Task to carry out:
Both the line containing "#32=ORIENTED_EDGE('',*,*,#31,.F.);" and the line containing "#38=AXIS2_PLACEMENT_3D('',#35,#36,#37);" belong to the span. Output exactly that span from the listing below, and nothing outside it.

Source data:
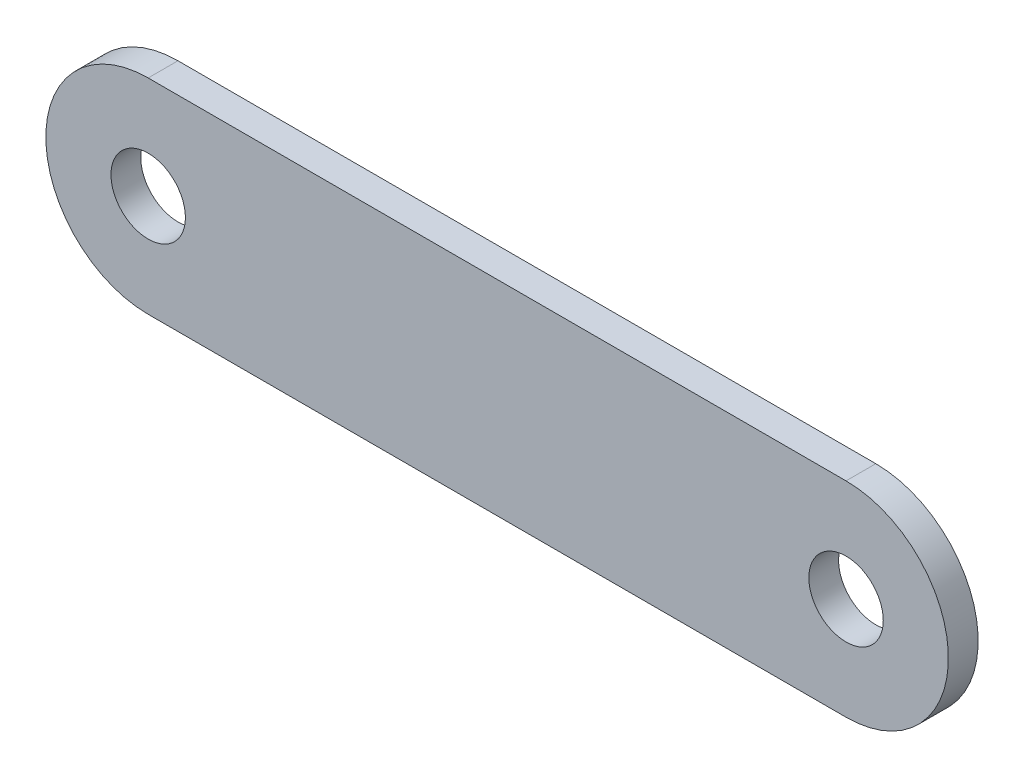
ISO-10303-21;
HEADER;
FILE_DESCRIPTION(('STEP AP214'),'2;1');
FILE_NAME('part.step','',(''),(''),'','','');
FILE_SCHEMA(('AUTOMOTIVE_DESIGN { 1 0 10303 214 1 1 1 1 }'));
ENDSEC;
DATA;
#1=APPLICATION_CONTEXT('core data for automotive mechanical design processes');
#2=APPLICATION_PROTOCOL_DEFINITION('international standard','automotive_design',2000,#1);
#3=PRODUCT_CONTEXT('',#1,'mechanical');
#4=PRODUCT('Part','Part','',(#3));
#5=PRODUCT_RELATED_PRODUCT_CATEGORY('part','',(#4));
#6=PRODUCT_DEFINITION_FORMATION('','',#4);
#7=PRODUCT_DEFINITION_CONTEXT('part definition',#1,'design');
#8=PRODUCT_DEFINITION('design','',#6,#7);
#9=PRODUCT_DEFINITION_SHAPE('','',#8);
#10=(LENGTH_UNIT() NAMED_UNIT(*) SI_UNIT(.MILLI.,.METRE.));
#11=(NAMED_UNIT(*) PLANE_ANGLE_UNIT() SI_UNIT($,.RADIAN.));
#12=(NAMED_UNIT(*) SI_UNIT($,.STERADIAN.) SOLID_ANGLE_UNIT());
#13=UNCERTAINTY_MEASURE_WITH_UNIT(LENGTH_MEASURE(1.E-05),#10,'distance_accuracy_value','');
#14=(GEOMETRIC_REPRESENTATION_CONTEXT(3) GLOBAL_UNCERTAINTY_ASSIGNED_CONTEXT((#13)) GLOBAL_UNIT_ASSIGNED_CONTEXT((#10,
#11,#12)) REPRESENTATION_CONTEXT('',''));
#15=CARTESIAN_POINT('',(0.,0.,0.));
#16=DIRECTION('',(0.,0.,1.));
#17=DIRECTION('',(1.,0.,0.));
#18=AXIS2_PLACEMENT_3D('',#15,#16,#17);
#19=CARTESIAN_POINT('',(0.,0.,3.19999999999965));
#20=DIRECTION('',(0.,0.,0.999999999999996));
#21=DIRECTION('',(1.,0.,0.));
#22=AXIS2_PLACEMENT_3D('',#19,#20,#21);
#23=PLANE('',#22);
#24=CARTESIAN_POINT('',(0.,0.,3.19999999999965));
#25=DIRECTION('',(0.,0.,0.999999999999996));
#26=DIRECTION('',(1.,0.,0.));
#27=AXIS2_PLACEMENT_3D('',#24,#25,#26);
#28=CIRCLE('',#27,4.);
#29=CARTESIAN_POINT('',(4.00000000000007,0.,3.19999999999965));
#30=VERTEX_POINT('',#29);
#31=EDGE_CURVE('E135',#30,#30,#28,.T.);
#32=ORIENTED_EDGE('',*,*,#31,.F.);
#33=EDGE_LOOP('',(#32));
#34=FACE_BOUND('',#33,.T.);
#35=CARTESIAN_POINT('',(0.,0.,3.19999999999965));
#36=DIRECTION('',(0.,0.,0.999999999999996));
#37=DIRECTION('',(1.,0.,0.));
#38=AXIS2_PLACEMENT_3D('',#35,#36,#37);
#39=CIRCLE('',#38,11.);
#40=CARTESIAN_POINT('',(0.,11.0000000000002,3.19999999999976));
#41=VERTEX_POINT('',#40);
#42=CARTESIAN_POINT('',(0.,-10.9999999999999,3.1999999999997));
#43=VERTEX_POINT('',#42);
#44=EDGE_CURVE('E114',#41,#43,#39,.T.);
#45=ORIENTED_EDGE('',*,*,#44,.T.);
#46=DIRECTION('',(1.,0.,0.));
#47=VECTOR('',#46,1.);
#48=CARTESIAN_POINT('',(0.,-10.9999999999999,3.1999999999997));
#49=LINE('',#48,#47);
#50=CARTESIAN_POINT('',(74.9999999999999,-10.9999999999996,3.19999999999954));
#51=VERTEX_POINT('',#50);
#52=EDGE_CURVE('E109',#43,#51,#49,.T.);
#53=ORIENTED_EDGE('',*,*,#52,.T.);
#54=CARTESIAN_POINT('',(75.0000000000001,1.59594559789866E-13,3.19999999999965));
#55=DIRECTION('',(0.,0.,0.999999999999996));
#56=DIRECTION('',(-1.,0.,0.));
#57=AXIS2_PLACEMENT_3D('',#54,#55,#56);
#58=CIRCLE('',#57,11.);
#59=CARTESIAN_POINT('',(75.0000000000003,11.0000000000003,3.1999999999997));
#60=VERTEX_POINT('',#59);
#61=EDGE_CURVE('E112',#51,#60,#58,.T.);
#62=ORIENTED_EDGE('',*,*,#61,.T.);
#63=DIRECTION('',(-1.,0.,0.));
#64=VECTOR('',#63,1.);
#65=CARTESIAN_POINT('',(0.,11.0000000000002,3.19999999999976));
#66=LINE('',#65,#64);
#67=EDGE_CURVE('E79',#60,#41,#66,.T.);
#68=ORIENTED_EDGE('',*,*,#67,.T.);
#69=EDGE_LOOP('',(#45,#53,#62,#68));
#70=FACE_BOUND('',#69,.T.);
#71=CARTESIAN_POINT('',(75.0000000000001,1.59594559789866E-13,3.19999999999965));
#72=DIRECTION('',(0.,0.,0.999999999999996));
#73=DIRECTION('',(1.,0.,0.));
#74=AXIS2_PLACEMENT_3D('',#71,#72,#73);
#75=CIRCLE('',#74,4.00000000000001);
#76=CARTESIAN_POINT('',(79.0000000000001,1.59594559789866E-13,3.19999999999965));
#77=VERTEX_POINT('',#76);
#78=EDGE_CURVE('E159',#77,#77,#75,.T.);
#79=ORIENTED_EDGE('',*,*,#78,.F.);
#80=EDGE_LOOP('',(#79));
#81=FACE_BOUND('',#80,.T.);
#82=ADVANCED_FACE('F61',(#34,#70,#81),#23,.T.);
#83=CARTESIAN_POINT('',(0.,0.,0.));
#84=DIRECTION('',(0.,0.,0.999999999999996));
#85=DIRECTION('',(1.,0.,0.));
#86=AXIS2_PLACEMENT_3D('',#83,#84,#85);
#87=PLANE('',#86);
#88=CARTESIAN_POINT('',(0.,0.,0.));
#89=DIRECTION('',(0.,0.,0.999999999999996));
#90=DIRECTION('',(1.,0.,0.));
#91=AXIS2_PLACEMENT_3D('',#88,#89,#90);
#92=CIRCLE('',#91,11.);
#93=CARTESIAN_POINT('',(1.11022302462516E-13,11.0000000000002,-1.11022302462516E-13));
#94=VERTEX_POINT('',#93);
#95=CARTESIAN_POINT('',(0.,-11.,0.));
#96=VERTEX_POINT('',#95);
#97=EDGE_CURVE('E131',#94,#96,#92,.T.);
#98=ORIENTED_EDGE('',*,*,#97,.F.);
#99=DIRECTION('',(-1.,0.,0.));
#100=VECTOR('',#99,1.);
#101=CARTESIAN_POINT('',(1.11022302462516E-13,11.0000000000002,-1.11022302462516E-13));
#102=LINE('',#101,#100);
#103=CARTESIAN_POINT('',(75.0000000000003,11.0000000000003,0.));
#104=VERTEX_POINT('',#103);
#105=EDGE_CURVE('E102',#104,#94,#102,.T.);
#106=ORIENTED_EDGE('',*,*,#105,.F.);
#107=CARTESIAN_POINT('',(75.0000000000002,1.73472347597681E-13,-2.22044604925031E-13));
#108=DIRECTION('',(0.,0.,0.999999999999996));
#109=DIRECTION('',(-1.,0.,0.));
#110=AXIS2_PLACEMENT_3D('',#107,#108,#109);
#111=CIRCLE('',#110,11.);
#112=CARTESIAN_POINT('',(75.,-10.9999999999996,0.));
#113=VERTEX_POINT('',#112);
#114=EDGE_CURVE('E96',#113,#104,#111,.T.);
#115=ORIENTED_EDGE('',*,*,#114,.F.);
#116=DIRECTION('',(1.,0.,0.));
#117=VECTOR('',#116,1.);
#118=CARTESIAN_POINT('',(0.,-11.,0.));
#119=LINE('',#118,#117);
#120=EDGE_CURVE('E119',#96,#113,#119,.T.);
#121=ORIENTED_EDGE('',*,*,#120,.F.);
#122=EDGE_LOOP('',(#98,#106,#115,#121));
#123=FACE_BOUND('',#122,.T.);
#124=CARTESIAN_POINT('',(0.,0.,0.));
#125=DIRECTION('',(0.,0.,0.999999999999996));
#126=DIRECTION('',(1.,0.,0.));
#127=AXIS2_PLACEMENT_3D('',#124,#125,#126);
#128=CIRCLE('',#127,4.);
#129=CARTESIAN_POINT('',(4.,0.,0.));
#130=VERTEX_POINT('',#129);
#131=EDGE_CURVE('E155',#130,#130,#128,.T.);
#132=ORIENTED_EDGE('',*,*,#131,.T.);
#133=EDGE_LOOP('',(#132));
#134=FACE_BOUND('',#133,.T.);
#135=CARTESIAN_POINT('',(75.0000000000002,1.73472347597681E-13,-2.22044604925031E-13));
#136=DIRECTION('',(0.,0.,0.999999999999996));
#137=DIRECTION('',(1.,0.,0.));
#138=AXIS2_PLACEMENT_3D('',#135,#136,#137);
#139=CIRCLE('',#138,4.00000000000001);
#140=CARTESIAN_POINT('',(79.0000000000002,1.73472347597681E-13,-2.22044604925031E-13));
#141=VERTEX_POINT('',#140);
#142=EDGE_CURVE('E163',#141,#141,#139,.T.);
#143=ORIENTED_EDGE('',*,*,#142,.T.);
#144=EDGE_LOOP('',(#143));
#145=FACE_BOUND('',#144,.T.);
#146=ADVANCED_FACE('F149',(#123,#134,#145),#87,.F.);
#147=CARTESIAN_POINT('',(0.,0.,3.19999999999965));
#148=DIRECTION('',(0.,0.,-0.999999999999996));
#149=DIRECTION('',(-1.,0.,0.));
#150=AXIS2_PLACEMENT_3D('',#147,#148,#149);
#151=CYLINDRICAL_SURFACE('',#150,11.);
#152=ORIENTED_EDGE('',*,*,#97,.T.);
#153=DIRECTION('',(0.,0.,-0.999999999999996));
#154=VECTOR('',#153,1.);
#155=CARTESIAN_POINT('',(0.,-10.9999999999999,3.1999999999997));
#156=LINE('',#155,#154);
#157=EDGE_CURVE('E13',#43,#96,#156,.T.);
#158=ORIENTED_EDGE('',*,*,#157,.F.);
#159=ORIENTED_EDGE('',*,*,#44,.F.);
#160=DIRECTION('',(0.,0.,-0.999999999999996));
#161=VECTOR('',#160,1.);
#162=CARTESIAN_POINT('',(0.,11.0000000000002,3.19999999999976));
#163=LINE('',#162,#161);
#164=EDGE_CURVE('E127',#41,#94,#163,.T.);
#165=ORIENTED_EDGE('',*,*,#164,.T.);
#166=EDGE_LOOP('',(#152,#158,#159,#165));
#167=FACE_BOUND('',#166,.T.);
#168=ADVANCED_FACE('F63',(#167),#151,.T.);
#169=CARTESIAN_POINT('',(0.,-10.9999999999999,3.1999999999997));
#170=DIRECTION('',(0.,1.,0.));
#171=DIRECTION('',(0.,0.,0.999999999999996));
#172=AXIS2_PLACEMENT_3D('',#169,#170,#171);
#173=PLANE('',#172);
#174=ORIENTED_EDGE('',*,*,#120,.T.);
#175=DIRECTION('',(0.,0.,-0.999999999999996));
#176=VECTOR('',#175,1.);
#177=CARTESIAN_POINT('',(74.9999999999999,-10.9999999999996,3.19999999999954));
#178=LINE('',#177,#176);
#179=EDGE_CURVE('E71',#51,#113,#178,.T.);
#180=ORIENTED_EDGE('',*,*,#179,.F.);
#181=ORIENTED_EDGE('',*,*,#52,.F.);
#182=ORIENTED_EDGE('',*,*,#157,.T.);
#183=EDGE_LOOP('',(#174,#180,#181,#182));
#184=FACE_BOUND('',#183,.T.);
#185=ADVANCED_FACE('F118',(#184),#173,.F.);
#186=CARTESIAN_POINT('',(75.0000000000001,1.59594559789866E-13,3.19999999999965));
#187=DIRECTION('',(0.,0.,-0.999999999999996));
#188=DIRECTION('',(-1.,0.,0.));
#189=AXIS2_PLACEMENT_3D('',#186,#187,#188);
#190=CYLINDRICAL_SURFACE('',#189,11.);
#191=ORIENTED_EDGE('',*,*,#114,.T.);
#192=DIRECTION('',(0.,0.,-0.999999999999996));
#193=VECTOR('',#192,1.);
#194=CARTESIAN_POINT('',(75.0000000000003,11.0000000000003,3.1999999999997));
#195=LINE('',#194,#193);
#196=EDGE_CURVE('E121',#60,#104,#195,.T.);
#197=ORIENTED_EDGE('',*,*,#196,.F.);
#198=ORIENTED_EDGE('',*,*,#61,.F.);
#199=ORIENTED_EDGE('',*,*,#179,.T.);
#200=EDGE_LOOP('',(#191,#197,#198,#199));
#201=FACE_BOUND('',#200,.T.);
#202=ADVANCED_FACE('F122',(#201),#190,.T.);
#203=CARTESIAN_POINT('',(0.,11.0000000000002,3.19999999999976));
#204=DIRECTION('',(0.,-1.,0.));
#205=DIRECTION('',(0.,0.,-0.999999999999996));
#206=AXIS2_PLACEMENT_3D('',#203,#204,#205);
#207=PLANE('',#206);
#208=ORIENTED_EDGE('',*,*,#105,.T.);
#209=ORIENTED_EDGE('',*,*,#164,.F.);
#210=ORIENTED_EDGE('',*,*,#67,.F.);
#211=ORIENTED_EDGE('',*,*,#196,.T.);
#212=EDGE_LOOP('',(#208,#209,#210,#211));
#213=FACE_BOUND('',#212,.T.);
#214=ADVANCED_FACE('F146',(#213),#207,.F.);
#215=CARTESIAN_POINT('',(0.,0.,3.19999999999965));
#216=DIRECTION('',(0.,0.,-0.999999999999996));
#217=DIRECTION('',(-1.,0.,0.));
#218=AXIS2_PLACEMENT_3D('',#215,#216,#217);
#219=CYLINDRICAL_SURFACE('',#218,4.);
#220=ORIENTED_EDGE('',*,*,#31,.T.);
#221=EDGE_LOOP('',(#220));
#222=FACE_BOUND('',#221,.T.);
#223=ORIENTED_EDGE('',*,*,#131,.F.);
#224=EDGE_LOOP('',(#223));
#225=FACE_BOUND('',#224,.T.);
#226=ADVANCED_FACE('F183',(#222,#225),#219,.F.);
#227=CARTESIAN_POINT('',(75.0000000000001,1.59594559789866E-13,3.19999999999965));
#228=DIRECTION('',(0.,0.,-0.999999999999996));
#229=DIRECTION('',(-1.,0.,0.));
#230=AXIS2_PLACEMENT_3D('',#227,#228,#229);
#231=CYLINDRICAL_SURFACE('',#230,4.00000000000001);
#232=ORIENTED_EDGE('',*,*,#78,.T.);
#233=EDGE_LOOP('',(#232));
#234=FACE_BOUND('',#233,.T.);
#235=ORIENTED_EDGE('',*,*,#142,.F.);
#236=EDGE_LOOP('',(#235));
#237=FACE_BOUND('',#236,.T.);
#238=ADVANCED_FACE('F172',(#234,#237),#231,.F.);
#239=CLOSED_SHELL('',(#82,#146,#168,#185,#202,#214,#226,#238));
#240=MANIFOLD_SOLID_BREP('B2',#239);
#241=ADVANCED_BREP_SHAPE_REPRESENTATION('',(#18,#240),#14);
#242=SHAPE_DEFINITION_REPRESENTATION(#9,#241);
ENDSEC;
END-ISO-10303-21;

Answer to this exercise:
#32=ORIENTED_EDGE('',*,*,#31,.F.);
#33=EDGE_LOOP('',(#32));
#34=FACE_BOUND('',#33,.T.);
#35=CARTESIAN_POINT('',(0.,0.,3.19999999999965));
#36=DIRECTION('',(0.,0.,0.999999999999996));
#37=DIRECTION('',(1.,0.,0.));
#38=AXIS2_PLACEMENT_3D('',#35,#36,#37);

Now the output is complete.